Task requirements:
Please tally the lines in the data below that include the string "diagram", and reply with only the total.

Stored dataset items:
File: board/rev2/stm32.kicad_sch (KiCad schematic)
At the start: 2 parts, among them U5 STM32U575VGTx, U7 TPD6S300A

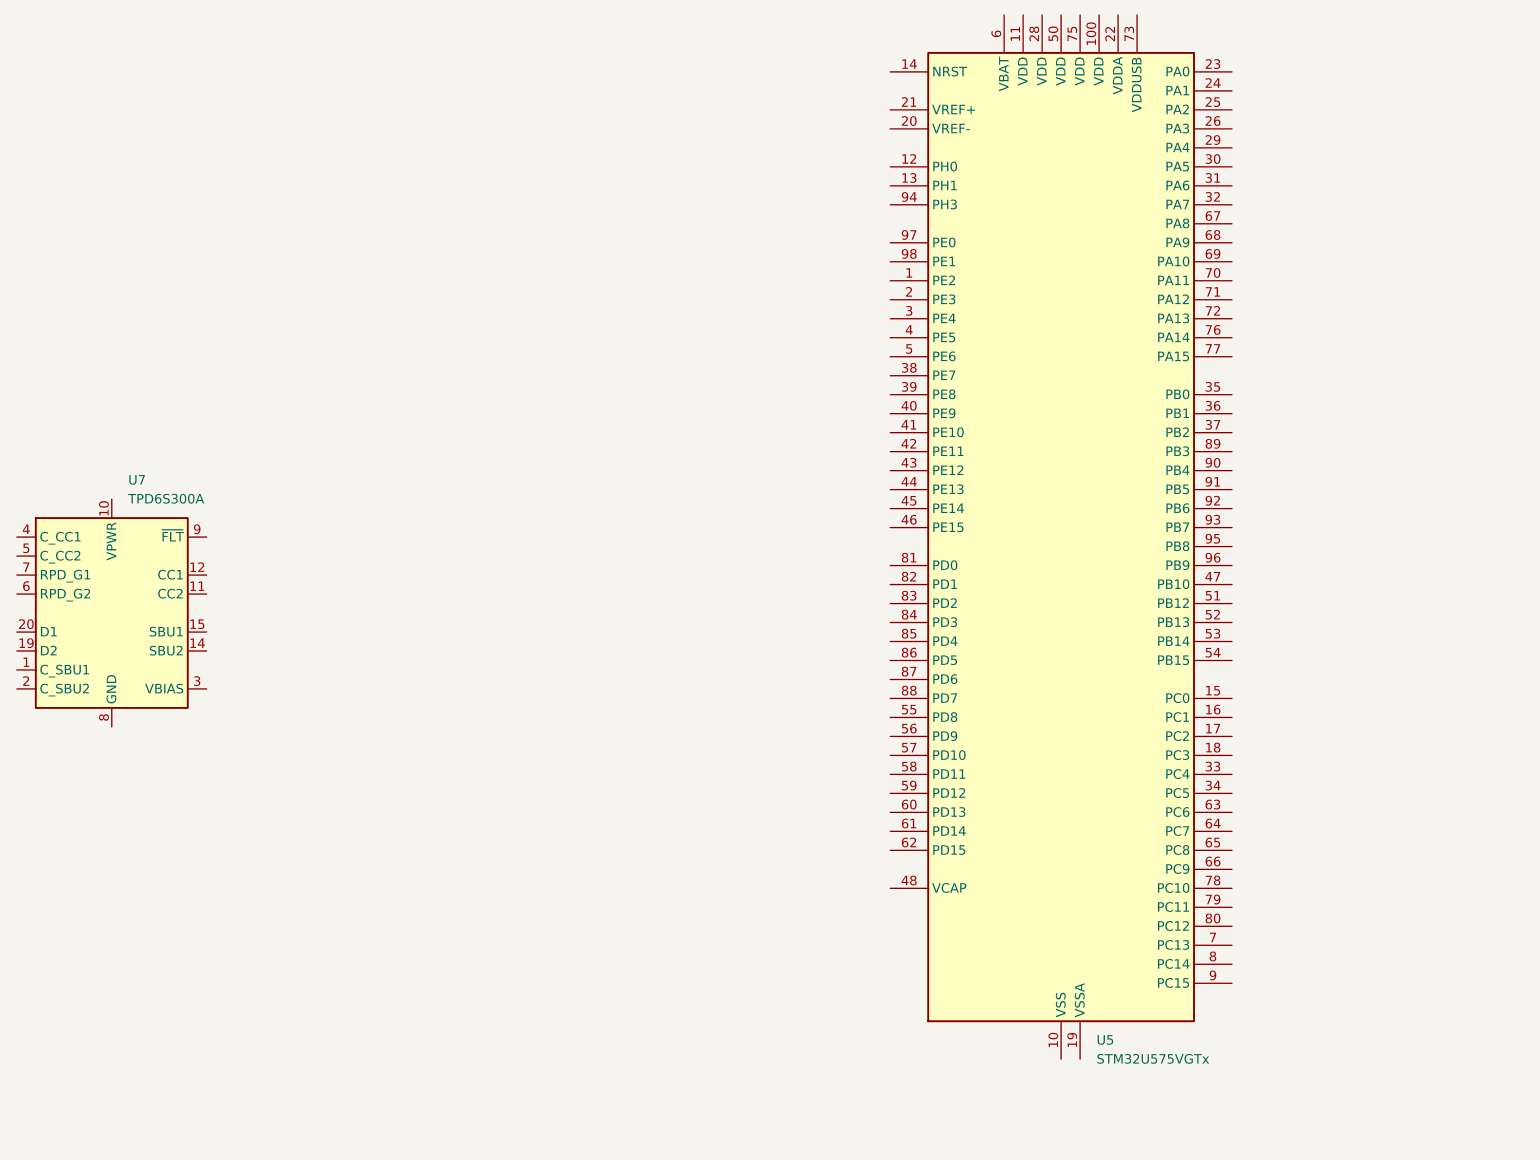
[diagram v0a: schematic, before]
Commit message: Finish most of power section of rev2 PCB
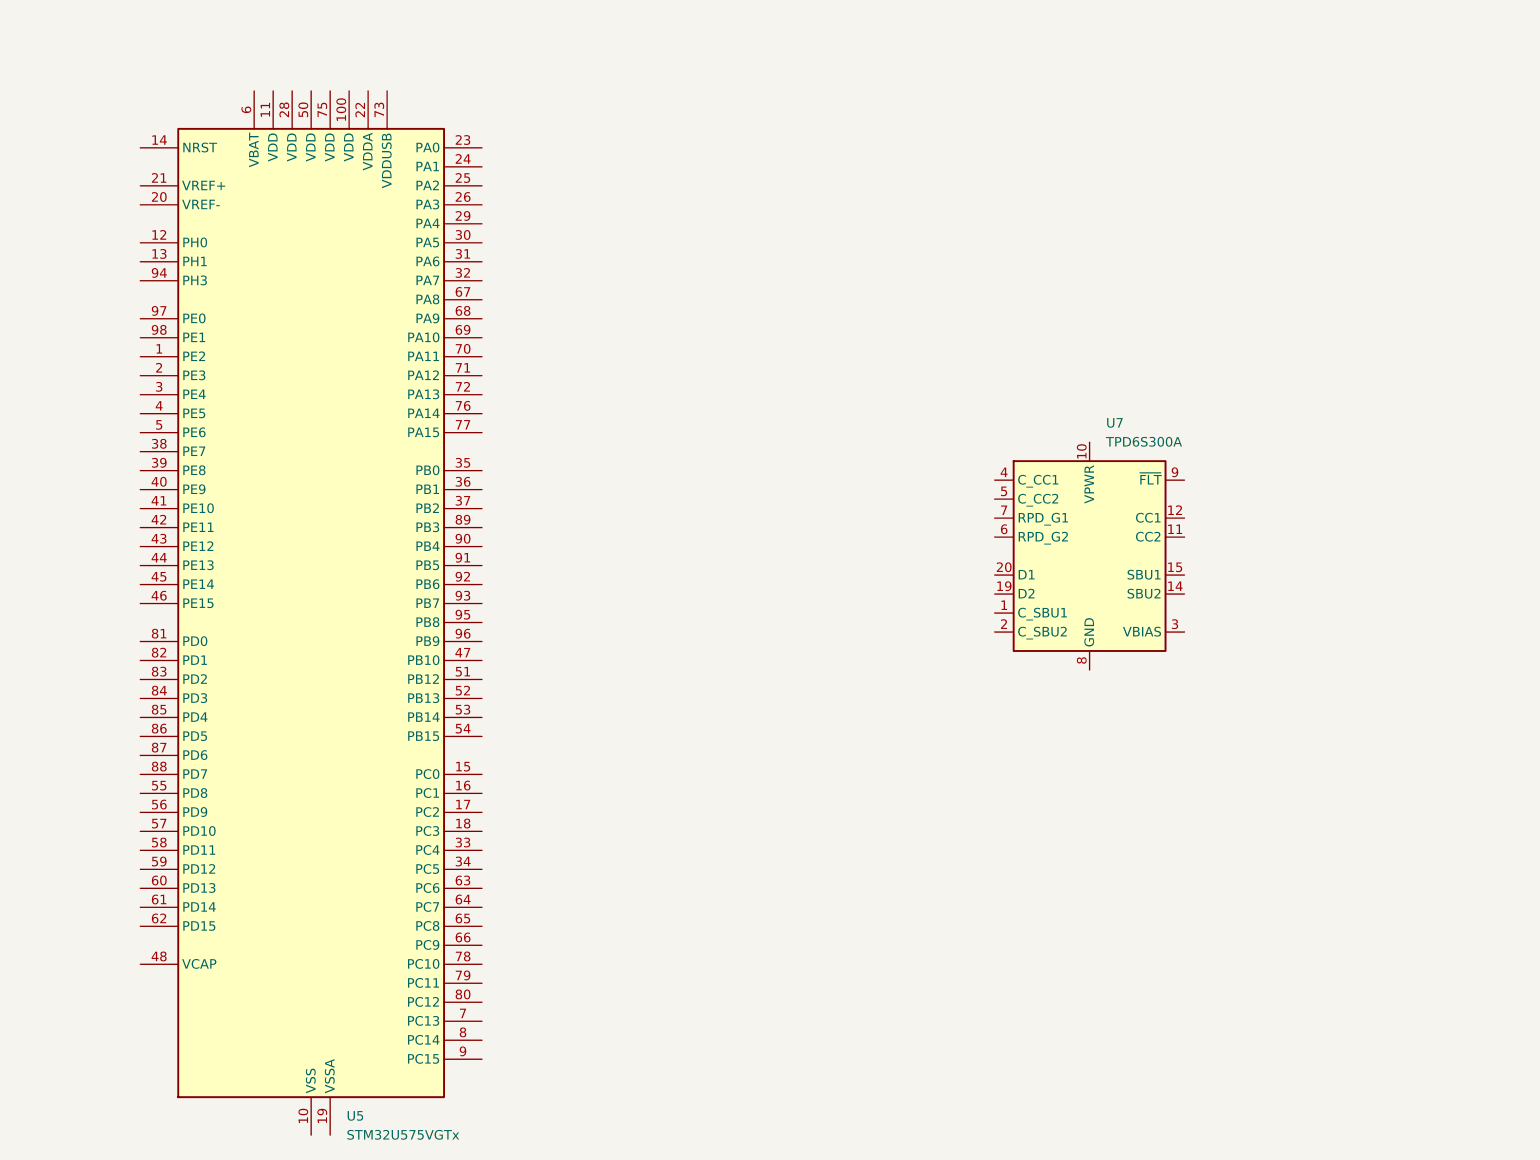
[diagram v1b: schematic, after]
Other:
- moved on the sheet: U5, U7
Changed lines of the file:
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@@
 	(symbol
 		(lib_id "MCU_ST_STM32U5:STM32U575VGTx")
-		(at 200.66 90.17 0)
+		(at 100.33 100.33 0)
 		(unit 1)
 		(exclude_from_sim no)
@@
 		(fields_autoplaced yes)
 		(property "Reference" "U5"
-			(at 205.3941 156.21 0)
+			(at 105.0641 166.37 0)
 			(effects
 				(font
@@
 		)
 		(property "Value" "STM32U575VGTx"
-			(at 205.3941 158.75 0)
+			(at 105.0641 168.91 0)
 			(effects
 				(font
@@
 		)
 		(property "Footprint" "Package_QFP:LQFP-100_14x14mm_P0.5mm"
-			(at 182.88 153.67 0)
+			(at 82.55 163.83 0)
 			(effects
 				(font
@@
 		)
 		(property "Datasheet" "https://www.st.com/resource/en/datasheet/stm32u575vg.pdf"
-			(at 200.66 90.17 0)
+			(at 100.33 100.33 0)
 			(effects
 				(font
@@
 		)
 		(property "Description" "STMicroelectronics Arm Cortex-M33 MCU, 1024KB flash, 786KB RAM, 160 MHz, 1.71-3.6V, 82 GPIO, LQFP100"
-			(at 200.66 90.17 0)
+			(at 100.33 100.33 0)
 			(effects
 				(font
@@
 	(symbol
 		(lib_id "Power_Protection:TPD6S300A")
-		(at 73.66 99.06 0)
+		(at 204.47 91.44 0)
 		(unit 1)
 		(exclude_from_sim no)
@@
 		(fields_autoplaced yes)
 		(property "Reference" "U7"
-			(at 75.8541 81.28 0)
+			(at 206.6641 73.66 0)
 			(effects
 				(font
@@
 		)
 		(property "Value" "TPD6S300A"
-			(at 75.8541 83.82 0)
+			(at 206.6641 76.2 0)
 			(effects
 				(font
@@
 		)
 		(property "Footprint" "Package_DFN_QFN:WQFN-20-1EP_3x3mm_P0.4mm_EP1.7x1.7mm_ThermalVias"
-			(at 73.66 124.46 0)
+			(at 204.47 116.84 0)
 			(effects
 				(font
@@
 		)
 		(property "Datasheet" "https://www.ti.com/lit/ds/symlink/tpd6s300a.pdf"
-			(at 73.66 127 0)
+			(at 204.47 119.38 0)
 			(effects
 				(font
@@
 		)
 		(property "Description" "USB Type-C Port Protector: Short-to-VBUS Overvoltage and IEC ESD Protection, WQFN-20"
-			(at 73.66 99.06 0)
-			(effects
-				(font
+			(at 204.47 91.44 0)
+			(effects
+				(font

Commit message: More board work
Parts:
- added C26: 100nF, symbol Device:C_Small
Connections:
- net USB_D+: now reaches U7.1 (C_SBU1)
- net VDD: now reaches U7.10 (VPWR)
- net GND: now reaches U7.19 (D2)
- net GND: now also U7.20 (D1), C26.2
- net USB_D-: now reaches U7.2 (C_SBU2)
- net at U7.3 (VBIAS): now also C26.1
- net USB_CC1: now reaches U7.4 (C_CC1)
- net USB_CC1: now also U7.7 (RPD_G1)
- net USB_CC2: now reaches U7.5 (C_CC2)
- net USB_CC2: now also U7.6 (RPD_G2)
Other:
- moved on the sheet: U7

Expected answer:
2